WORK REQUIRED: The answer should be each line of the records that contains the word "diagram"; please copy them all.

BEGIN MATERIAL PROVIDED

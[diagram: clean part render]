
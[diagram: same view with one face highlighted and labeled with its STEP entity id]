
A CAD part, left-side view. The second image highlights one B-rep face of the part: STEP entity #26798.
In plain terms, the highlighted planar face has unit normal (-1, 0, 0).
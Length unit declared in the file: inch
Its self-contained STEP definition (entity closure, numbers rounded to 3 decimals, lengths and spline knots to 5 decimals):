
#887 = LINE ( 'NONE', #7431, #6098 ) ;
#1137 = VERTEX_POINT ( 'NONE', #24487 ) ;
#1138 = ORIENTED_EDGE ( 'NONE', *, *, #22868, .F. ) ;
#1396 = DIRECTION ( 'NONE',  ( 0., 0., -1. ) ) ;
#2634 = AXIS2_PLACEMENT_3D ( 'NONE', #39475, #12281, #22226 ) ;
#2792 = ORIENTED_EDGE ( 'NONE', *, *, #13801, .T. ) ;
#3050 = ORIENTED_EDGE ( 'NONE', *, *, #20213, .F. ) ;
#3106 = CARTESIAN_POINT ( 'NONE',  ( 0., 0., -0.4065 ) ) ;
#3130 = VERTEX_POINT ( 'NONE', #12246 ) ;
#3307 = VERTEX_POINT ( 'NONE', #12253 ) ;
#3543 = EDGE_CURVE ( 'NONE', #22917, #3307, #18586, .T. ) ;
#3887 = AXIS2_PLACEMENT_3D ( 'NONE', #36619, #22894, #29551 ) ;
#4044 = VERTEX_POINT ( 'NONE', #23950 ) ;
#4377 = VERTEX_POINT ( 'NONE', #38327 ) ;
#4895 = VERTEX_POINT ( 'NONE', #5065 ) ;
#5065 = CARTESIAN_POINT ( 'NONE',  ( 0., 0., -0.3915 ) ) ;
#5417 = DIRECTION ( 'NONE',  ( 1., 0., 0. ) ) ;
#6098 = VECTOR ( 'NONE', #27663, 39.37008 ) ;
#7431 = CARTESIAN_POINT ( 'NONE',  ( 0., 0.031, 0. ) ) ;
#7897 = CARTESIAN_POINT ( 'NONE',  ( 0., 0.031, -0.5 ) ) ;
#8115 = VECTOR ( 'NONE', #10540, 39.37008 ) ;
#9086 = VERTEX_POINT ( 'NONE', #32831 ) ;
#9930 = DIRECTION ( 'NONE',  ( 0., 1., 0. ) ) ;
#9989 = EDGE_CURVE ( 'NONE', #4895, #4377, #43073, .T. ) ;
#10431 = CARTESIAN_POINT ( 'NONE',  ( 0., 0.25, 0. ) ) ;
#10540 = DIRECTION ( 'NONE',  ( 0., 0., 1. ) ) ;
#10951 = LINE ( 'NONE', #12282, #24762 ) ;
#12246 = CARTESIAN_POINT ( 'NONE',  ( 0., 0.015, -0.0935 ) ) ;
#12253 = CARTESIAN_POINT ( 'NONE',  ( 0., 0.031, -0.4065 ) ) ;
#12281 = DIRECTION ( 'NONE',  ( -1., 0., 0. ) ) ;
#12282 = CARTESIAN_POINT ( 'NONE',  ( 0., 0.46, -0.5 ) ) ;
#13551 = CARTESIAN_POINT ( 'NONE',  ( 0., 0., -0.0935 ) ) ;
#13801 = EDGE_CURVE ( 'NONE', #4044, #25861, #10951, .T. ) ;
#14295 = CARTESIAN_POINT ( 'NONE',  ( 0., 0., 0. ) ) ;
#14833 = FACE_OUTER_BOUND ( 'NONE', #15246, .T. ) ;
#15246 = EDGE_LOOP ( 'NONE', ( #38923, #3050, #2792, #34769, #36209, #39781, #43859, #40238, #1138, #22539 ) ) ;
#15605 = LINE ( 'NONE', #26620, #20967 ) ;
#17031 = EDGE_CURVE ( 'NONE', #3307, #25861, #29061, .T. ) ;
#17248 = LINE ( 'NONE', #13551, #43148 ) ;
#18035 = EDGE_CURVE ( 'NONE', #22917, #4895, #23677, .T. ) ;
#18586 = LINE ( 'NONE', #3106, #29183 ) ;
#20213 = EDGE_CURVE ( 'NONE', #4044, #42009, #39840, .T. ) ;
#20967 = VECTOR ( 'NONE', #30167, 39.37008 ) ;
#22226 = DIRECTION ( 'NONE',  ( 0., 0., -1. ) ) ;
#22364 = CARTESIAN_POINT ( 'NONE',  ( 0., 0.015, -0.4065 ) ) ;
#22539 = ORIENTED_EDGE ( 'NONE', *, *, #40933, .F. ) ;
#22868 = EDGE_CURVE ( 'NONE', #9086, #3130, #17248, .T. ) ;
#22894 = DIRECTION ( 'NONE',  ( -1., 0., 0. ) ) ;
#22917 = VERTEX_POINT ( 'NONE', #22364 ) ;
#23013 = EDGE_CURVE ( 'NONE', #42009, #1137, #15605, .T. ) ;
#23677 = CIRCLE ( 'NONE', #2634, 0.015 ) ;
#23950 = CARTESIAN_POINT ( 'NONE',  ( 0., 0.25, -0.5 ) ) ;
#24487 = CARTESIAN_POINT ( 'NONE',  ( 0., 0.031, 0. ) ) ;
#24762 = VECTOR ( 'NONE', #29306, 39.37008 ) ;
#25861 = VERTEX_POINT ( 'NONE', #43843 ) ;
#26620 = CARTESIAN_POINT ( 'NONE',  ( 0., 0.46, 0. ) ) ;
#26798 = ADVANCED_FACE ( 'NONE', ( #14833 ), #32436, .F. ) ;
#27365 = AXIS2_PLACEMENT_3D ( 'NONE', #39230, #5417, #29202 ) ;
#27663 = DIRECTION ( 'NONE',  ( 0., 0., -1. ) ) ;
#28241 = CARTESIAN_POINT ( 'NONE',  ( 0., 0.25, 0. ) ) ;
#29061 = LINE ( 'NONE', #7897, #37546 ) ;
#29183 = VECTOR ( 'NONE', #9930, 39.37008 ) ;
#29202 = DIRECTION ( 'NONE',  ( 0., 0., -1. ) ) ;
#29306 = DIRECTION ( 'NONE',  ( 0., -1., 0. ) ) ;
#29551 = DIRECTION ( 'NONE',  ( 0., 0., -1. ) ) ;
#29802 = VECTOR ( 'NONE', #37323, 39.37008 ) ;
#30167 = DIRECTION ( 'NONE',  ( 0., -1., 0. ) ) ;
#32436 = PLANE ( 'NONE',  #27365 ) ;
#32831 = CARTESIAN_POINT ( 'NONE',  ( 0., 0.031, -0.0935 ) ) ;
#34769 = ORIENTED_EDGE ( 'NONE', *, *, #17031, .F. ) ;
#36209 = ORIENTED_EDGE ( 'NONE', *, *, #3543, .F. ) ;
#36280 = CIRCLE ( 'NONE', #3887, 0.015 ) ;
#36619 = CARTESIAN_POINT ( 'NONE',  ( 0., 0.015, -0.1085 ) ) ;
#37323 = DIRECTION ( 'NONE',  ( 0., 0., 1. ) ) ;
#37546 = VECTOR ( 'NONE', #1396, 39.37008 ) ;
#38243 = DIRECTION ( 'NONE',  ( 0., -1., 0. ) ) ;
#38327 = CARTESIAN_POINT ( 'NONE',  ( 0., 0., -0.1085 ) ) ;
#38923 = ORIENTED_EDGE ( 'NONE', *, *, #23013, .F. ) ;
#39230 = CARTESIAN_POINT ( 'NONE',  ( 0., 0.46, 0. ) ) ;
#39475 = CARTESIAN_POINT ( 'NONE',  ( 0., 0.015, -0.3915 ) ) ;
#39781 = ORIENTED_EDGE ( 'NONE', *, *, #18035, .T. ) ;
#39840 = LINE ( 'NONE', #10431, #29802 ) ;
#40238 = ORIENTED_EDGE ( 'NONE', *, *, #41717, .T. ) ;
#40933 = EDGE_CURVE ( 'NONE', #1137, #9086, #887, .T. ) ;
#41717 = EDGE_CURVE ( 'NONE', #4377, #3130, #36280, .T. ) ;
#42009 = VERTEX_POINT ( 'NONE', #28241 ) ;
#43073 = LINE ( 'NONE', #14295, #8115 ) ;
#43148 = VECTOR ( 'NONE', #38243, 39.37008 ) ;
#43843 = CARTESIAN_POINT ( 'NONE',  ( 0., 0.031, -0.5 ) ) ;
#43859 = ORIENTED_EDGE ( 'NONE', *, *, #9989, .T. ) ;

END MATERIAL PROVIDED

RESPONSE TO THE TASK:
[diagram: clean part render]
[diagram: same view with one face highlighted and labeled with its STEP entity id]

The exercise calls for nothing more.